Grade rolled steel. 2. C: 0.02 to 0.06%, Si: 0.05 to 0.25%, Mn: 0.8 to 1.6%, Cu: 0.7 to 1.5%, Ti: 0.012 to 0.030%, Mg: 0.0005 to 0.0050% in weight%. Nb: 0.005-0.03%, V: 0.01-0.1%, Mo: 0.05-0.4%, N: 0.004-0.010%, O: 0.003-0.006%, and Cr: 0.1-1.0% and Ni: 0.1-2.0% At least one of
And a Ti / N content ratio Ti / N of 3.0 to
3.5, the balance consisting of Fe and inevitable impurities,
Of the unavoidable impurities, the B content is 0.0003% or less and Al
590 characterized by limiting the content to 0.005% or less
MPa class rolled steel. 3. C: 0.02 to 0.06%, Si: 0.05 to 0.25%, Mn: 0.8 to 1.6%, Cu: 0.7 to 1.5%, Ti: 0.012 to 0.030%, Mg: 0.0005 to 0.0050% by weight%. Nb: 0.005-0.03%, V: 0.01-0.1%, Mo: 0.05-0.4%, N: 0.004-0.010%, and O: 0.003-0.006%, and the Ti / N content ratio Ti / N is 3.0 to 3.5
The balance consists of Fe and unavoidable impurities, and after heating the slab with the B content of the unavoidable impurities limited to 0.0003% or less and the Al content of 0.005% or less to a temperature range of 1200 to 1300 ° C. After rolling, the flange surface of the shaped steel is water-cooled to 700 ° C or less in the rolling process and rolled in the recuperating process.

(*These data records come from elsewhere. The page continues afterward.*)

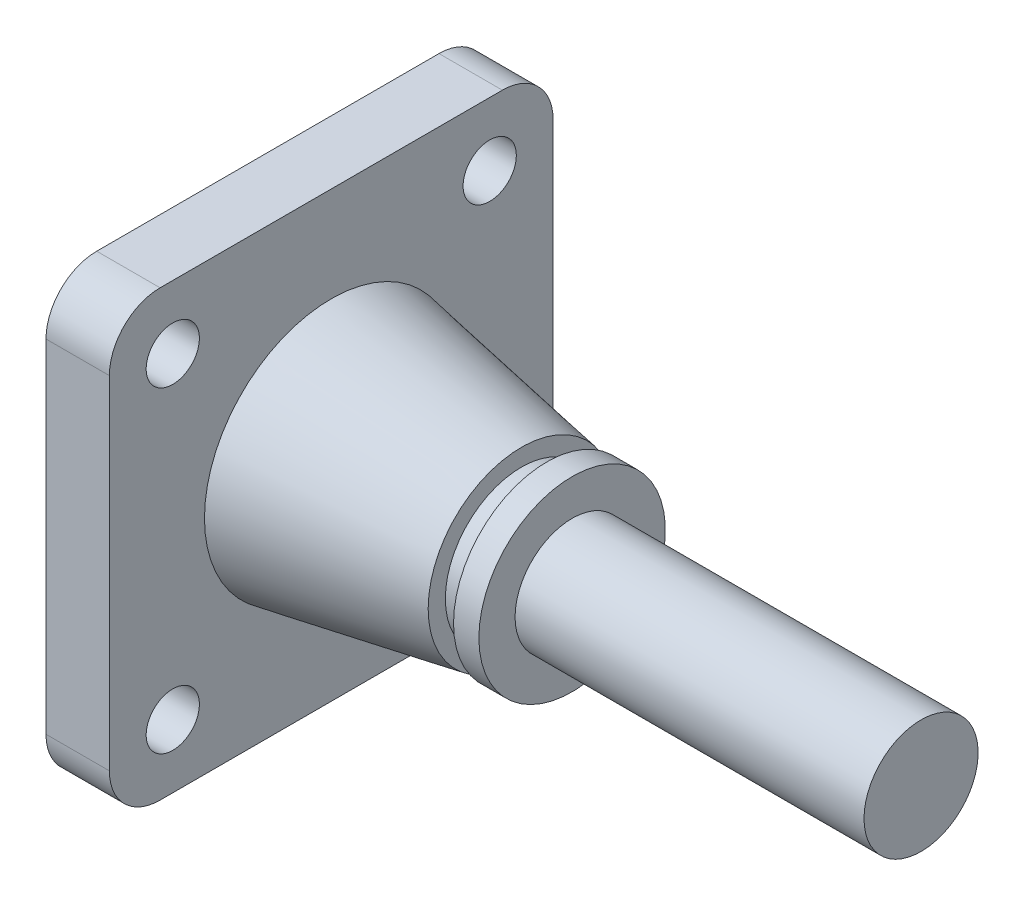
ISO-10303-21;
HEADER;
FILE_DESCRIPTION(('STEP AP214'),'2;1');
FILE_NAME('part.step','',(''),(''),'','','');
FILE_SCHEMA(('AUTOMOTIVE_DESIGN { 1 0 10303 214 1 1 1 1 }'));
ENDSEC;
DATA;
#1=APPLICATION_CONTEXT('core data for automotive mechanical design processes');
#2=APPLICATION_PROTOCOL_DEFINITION('international standard','automotive_design',2000,#1);
#3=PRODUCT_CONTEXT('',#1,'mechanical');
#4=PRODUCT('Part','Part','',(#3));
#5=PRODUCT_RELATED_PRODUCT_CATEGORY('part','',(#4));
#6=PRODUCT_DEFINITION_FORMATION('','',#4);
#7=PRODUCT_DEFINITION_CONTEXT('part definition',#1,'design');
#8=PRODUCT_DEFINITION('design','',#6,#7);
#9=PRODUCT_DEFINITION_SHAPE('','',#8);
#10=(LENGTH_UNIT() NAMED_UNIT(*) SI_UNIT(.MILLI.,.METRE.));
#11=(NAMED_UNIT(*) PLANE_ANGLE_UNIT() SI_UNIT($,.RADIAN.));
#12=(NAMED_UNIT(*) SI_UNIT($,.STERADIAN.) SOLID_ANGLE_UNIT());
#13=UNCERTAINTY_MEASURE_WITH_UNIT(LENGTH_MEASURE(1.E-05),#10,'distance_accuracy_value','');
#14=(GEOMETRIC_REPRESENTATION_CONTEXT(3) GLOBAL_UNCERTAINTY_ASSIGNED_CONTEXT((#13)) GLOBAL_UNIT_ASSIGNED_CONTEXT((#10,
#11,#12)) REPRESENTATION_CONTEXT('',''));
#15=CARTESIAN_POINT('',(0.,0.,0.));
#16=DIRECTION('',(0.,0.,1.));
#17=DIRECTION('',(1.,0.,0.));
#18=AXIS2_PLACEMENT_3D('',#15,#16,#17);
#19=CARTESIAN_POINT('',(5.,0.,-35.));
#20=DIRECTION('',(-1.,0.,0.));
#21=DIRECTION('',(0.,0.,1.));
#22=AXIS2_PLACEMENT_3D('',#19,#20,#21);
#23=PLANE('',#22);
#24=CARTESIAN_POINT('',(5.,-12.5,12.5));
#25=DIRECTION('',(-1.,0.,0.));
#26=DIRECTION('',(0.,0.,1.));
#27=AXIS2_PLACEMENT_3D('',#24,#25,#26);
#28=CIRCLE('',#27,2.1);
#29=CARTESIAN_POINT('',(5.,-12.5,14.6));
#30=VERTEX_POINT('',#29);
#31=EDGE_CURVE('E131',#30,#30,#28,.T.);
#32=ORIENTED_EDGE('',*,*,#31,.T.);
#33=EDGE_LOOP('',(#32));
#34=FACE_BOUND('',#33,.T.);
#35=CARTESIAN_POINT('',(5.,-12.5,-12.5));
#36=DIRECTION('',(-1.,0.,0.));
#37=DIRECTION('',(0.,0.,1.));
#38=AXIS2_PLACEMENT_3D('',#35,#36,#37);
#39=CIRCLE('',#38,2.1);
#40=CARTESIAN_POINT('',(5.,-12.5,-10.4));
#41=VERTEX_POINT('',#40);
#42=EDGE_CURVE('E289',#41,#41,#39,.T.);
#43=ORIENTED_EDGE('',*,*,#42,.T.);
#44=EDGE_LOOP('',(#43));
#45=FACE_BOUND('',#44,.T.);
#46=CARTESIAN_POINT('',(5.,12.5,-12.5));
#47=DIRECTION('',(-1.,0.,0.));
#48=DIRECTION('',(0.,0.,1.));
#49=AXIS2_PLACEMENT_3D('',#46,#47,#48);
#50=CIRCLE('',#49,2.1);
#51=CARTESIAN_POINT('',(5.,12.5,-10.4));
#52=VERTEX_POINT('',#51);
#53=EDGE_CURVE('E288',#52,#52,#50,.T.);
#54=ORIENTED_EDGE('',*,*,#53,.T.);
#55=EDGE_LOOP('',(#54));
#56=FACE_BOUND('',#55,.T.);
#57=CARTESIAN_POINT('',(5.,12.5,12.5));
#58=DIRECTION('',(-1.,0.,0.));
#59=DIRECTION('',(0.,0.,1.));
#60=AXIS2_PLACEMENT_3D('',#57,#58,#59);
#61=CIRCLE('',#60,2.1);
#62=CARTESIAN_POINT('',(5.,12.5,14.6));
#63=VERTEX_POINT('',#62);
#64=EDGE_CURVE('E291',#63,#63,#61,.T.);
#65=ORIENTED_EDGE('',*,*,#64,.T.);
#66=EDGE_LOOP('',(#65));
#67=FACE_BOUND('',#66,.T.);
#68=CARTESIAN_POINT('',(5.,0.,0.));
#69=DIRECTION('',(-1.,0.,0.));
#70=DIRECTION('',(0.,0.,1.));
#71=AXIS2_PLACEMENT_3D('',#68,#69,#70);
#72=CIRCLE('',#71,10.);
#73=CARTESIAN_POINT('',(5.,0.,10.));
#74=VERTEX_POINT('',#73);
#75=EDGE_CURVE('E137',#74,#74,#72,.T.);
#76=ORIENTED_EDGE('',*,*,#75,.T.);
#77=EDGE_LOOP('',(#76));
#78=FACE_BOUND('',#77,.T.);
#79=DIRECTION('',(0.,1.,0.));
#80=VECTOR('',#79,1.);
#81=CARTESIAN_POINT('',(5.,17.5,-17.5));
#82=LINE('',#81,#80);
#83=CARTESIAN_POINT('',(5.,-13.5,-17.5));
#84=VERTEX_POINT('',#83);
#85=CARTESIAN_POINT('',(5.,13.5,-17.5));
#86=VERTEX_POINT('',#85);
#87=EDGE_CURVE('E115',#84,#86,#82,.T.);
#88=ORIENTED_EDGE('',*,*,#87,.T.);
#89=CARTESIAN_POINT('',(5.,13.5,-13.5));
#90=DIRECTION('',(-1.,0.,0.));
#91=DIRECTION('',(0.,0.,1.));
#92=AXIS2_PLACEMENT_3D('',#89,#90,#91);
#93=CIRCLE('',#92,4.);
#94=CARTESIAN_POINT('',(5.,17.5,-13.5));
#95=VERTEX_POINT('',#94);
#96=EDGE_CURVE('E118',#86,#95,#93,.F.);
#97=ORIENTED_EDGE('',*,*,#96,.T.);
#98=DIRECTION('',(0.,0.,1.));
#99=VECTOR('',#98,1.);
#100=CARTESIAN_POINT('',(5.,17.5,17.5));
#101=LINE('',#100,#99);
#102=CARTESIAN_POINT('',(5.,17.5,13.5));
#103=VERTEX_POINT('',#102);
#104=EDGE_CURVE('E128',#95,#103,#101,.T.);
#105=ORIENTED_EDGE('',*,*,#104,.T.);
#106=CARTESIAN_POINT('',(5.,13.5,13.5));
#107=DIRECTION('',(-1.,0.,0.));
#108=DIRECTION('',(0.,0.,1.));
#109=AXIS2_PLACEMENT_3D('',#106,#107,#108);
#110=CIRCLE('',#109,4.);
#111=CARTESIAN_POINT('',(5.,13.5,17.5));
#112=VERTEX_POINT('',#111);
#113=EDGE_CURVE('E140',#103,#112,#110,.F.);
#114=ORIENTED_EDGE('',*,*,#113,.T.);
#115=DIRECTION('',(0.,-1.,0.));
#116=VECTOR('',#115,1.);
#117=CARTESIAN_POINT('',(5.,17.5,17.5));
#118=LINE('',#117,#116);
#119=CARTESIAN_POINT('',(5.,-13.5,17.5));
#120=VERTEX_POINT('',#119);
#121=EDGE_CURVE('E176',#112,#120,#118,.T.);
#122=ORIENTED_EDGE('',*,*,#121,.T.);
#123=CARTESIAN_POINT('',(5.,-13.5,13.5));
#124=DIRECTION('',(-1.,0.,0.));
#125=DIRECTION('',(0.,0.,1.));
#126=AXIS2_PLACEMENT_3D('',#123,#124,#125);
#127=CIRCLE('',#126,4.);
#128=CARTESIAN_POINT('',(5.,-17.5,13.5));
#129=VERTEX_POINT('',#128);
#130=EDGE_CURVE('E119',#120,#129,#127,.F.);
#131=ORIENTED_EDGE('',*,*,#130,.T.);
#132=DIRECTION('',(0.,0.,-1.));
#133=VECTOR('',#132,1.);
#134=CARTESIAN_POINT('',(5.,-17.5,17.5));
#135=LINE('',#134,#133);
#136=CARTESIAN_POINT('',(5.,-17.5,-13.5));
#137=VERTEX_POINT('',#136);
#138=EDGE_CURVE('E111',#129,#137,#135,.T.);
#139=ORIENTED_EDGE('',*,*,#138,.T.);
#140=CARTESIAN_POINT('',(5.,-13.5,-13.5));
#141=DIRECTION('',(-1.,0.,0.));
#142=DIRECTION('',(0.,0.,1.));
#143=AXIS2_PLACEMENT_3D('',#140,#141,#142);
#144=CIRCLE('',#143,4.);
#145=EDGE_CURVE('E109',#137,#84,#144,.F.);
#146=ORIENTED_EDGE('',*,*,#145,.T.);
#147=EDGE_LOOP('',(#88,#97,#105,#114,#122,#131,#139,#146));
#148=FACE_BOUND('',#147,.T.);
#149=ADVANCED_FACE('F42',(#34,#45,#56,#67,#78,#148),#23,.F.);
#150=CARTESIAN_POINT('',(20.,0.,0.));
#151=DIRECTION('',(-1.,0.,0.));
#152=DIRECTION('',(0.,0.,1.));
#153=AXIS2_PLACEMENT_3D('',#150,#151,#152);
#154=CONICAL_SURFACE('',#153,7.35509528937302,0.174532925199433);
#155=ORIENTED_EDGE('',*,*,#75,.F.);
#156=EDGE_LOOP('',(#155));
#157=FACE_BOUND('',#156,.T.);
#158=CARTESIAN_POINT('',(20.,0.,0.));
#159=DIRECTION('',(-1.,0.,0.));
#160=DIRECTION('',(0.,0.,1.));
#161=AXIS2_PLACEMENT_3D('',#158,#159,#160);
#162=CIRCLE('',#161,7.35509528937302);
#163=CARTESIAN_POINT('',(20.,0.,7.35509528937302));
#164=VERTEX_POINT('',#163);
#165=EDGE_CURVE('E143',#164,#164,#162,.T.);
#166=ORIENTED_EDGE('',*,*,#165,.T.);
#167=EDGE_LOOP('',(#166));
#168=FACE_BOUND('',#167,.T.);
#169=ADVANCED_FACE('F199',(#157,#168),#154,.T.);
#170=CARTESIAN_POINT('',(20.,0.,-7.35509528937302));
#171=DIRECTION('',(-1.,0.,0.));
#172=DIRECTION('',(0.,0.,1.));
#173=AXIS2_PLACEMENT_3D('',#170,#171,#172);
#174=PLANE('',#173);
#175=ORIENTED_EDGE('',*,*,#165,.F.);
#176=EDGE_LOOP('',(#175));
#177=FACE_BOUND('',#176,.T.);
#178=CARTESIAN_POINT('',(20.,0.,0.));
#179=DIRECTION('',(-1.,0.,0.));
#180=DIRECTION('',(0.,0.,1.));
#181=AXIS2_PLACEMENT_3D('',#178,#179,#180);
#182=CIRCLE('',#181,6.);
#183=CARTESIAN_POINT('',(20.,0.,6.));
#184=VERTEX_POINT('',#183);
#185=EDGE_CURVE('E193',#184,#184,#182,.T.);
#186=ORIENTED_EDGE('',*,*,#185,.T.);
#187=EDGE_LOOP('',(#186));
#188=FACE_BOUND('',#187,.T.);
#189=ADVANCED_FACE('F205',(#177,#188),#174,.F.);
#190=CARTESIAN_POINT('',(0.,0.,0.));
#191=DIRECTION('',(-1.,0.,0.));
#192=DIRECTION('',(0.,0.,1.));
#193=AXIS2_PLACEMENT_3D('',#190,#191,#192);
#194=CYLINDRICAL_SURFACE('',#193,6.);
#195=ORIENTED_EDGE('',*,*,#185,.F.);
#196=EDGE_LOOP('',(#195));
#197=FACE_BOUND('',#196,.T.);
#198=CARTESIAN_POINT('',(22.,0.,0.));
#199=DIRECTION('',(-1.,0.,0.));
#200=DIRECTION('',(0.,0.,1.));
#201=AXIS2_PLACEMENT_3D('',#198,#199,#200);
#202=CIRCLE('',#201,6.);
#203=CARTESIAN_POINT('',(22.,0.,6.));
#204=VERTEX_POINT('',#203);
#205=EDGE_CURVE('E194',#204,#204,#202,.T.);
#206=ORIENTED_EDGE('',*,*,#205,.T.);
#207=EDGE_LOOP('',(#206));
#208=FACE_BOUND('',#207,.T.);
#209=ADVANCED_FACE('F202',(#197,#208),#194,.T.);
#210=CARTESIAN_POINT('',(22.,0.,-6.));
#211=DIRECTION('',(1.,0.,0.));
#212=DIRECTION('',(0.,0.,-1.));
#213=AXIS2_PLACEMENT_3D('',#210,#211,#212);
#214=PLANE('',#213);
#215=ORIENTED_EDGE('',*,*,#205,.F.);
#216=EDGE_LOOP('',(#215));
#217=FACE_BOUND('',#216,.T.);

A method for producing a 590 MPa grade rolled steel, which comprises cooling to a temperature range of 700 to 400 ° C at a cooling rate of 10 ° C / s and then allowing to cool. 4. C: 0.02 to 0.06%, Si: 0.05 to 0.25%, Mn: 0.8 to 1.6%, Cu: 0.7 to 1.5%, Ti: 0.012 to 0.030%, Mg: 0.0005 to 0.0050% in weight%. Nb: 0.005-0.03%, V: 0.01-0.1%, Mo: 0.05-0.4%, N: 0.004-0.010%, O: 0.003-0.006%, and Cr: 0.1-1.0% and Ni: 0.1-2.0% At least one of
And a Ti / N content ratio Ti / N of 3.0 to
3.5, the balance consisting of Fe and inevitable impurities,
Of the unavoidable impurities, the B content is 0.0003% or less and Al
The slab with the content limited to 0.005% or less is heated to the temperature range of 1200 to 1300 ° C, then rolling is started, and the flange surface of the shaped steel is water-cooled to 700 ° C or less in the rolling process and rolled in the recuperation process. Water cooling / rolling cycle is performed once or more, and after the rolling is completed, 0.
A method for producing a 590 MPa grade rolled steel, which comprises cooling to a temperature range of 700 to 400 ° C at a cooling rate of 5 to 10 ° C / s and then allowing to cool.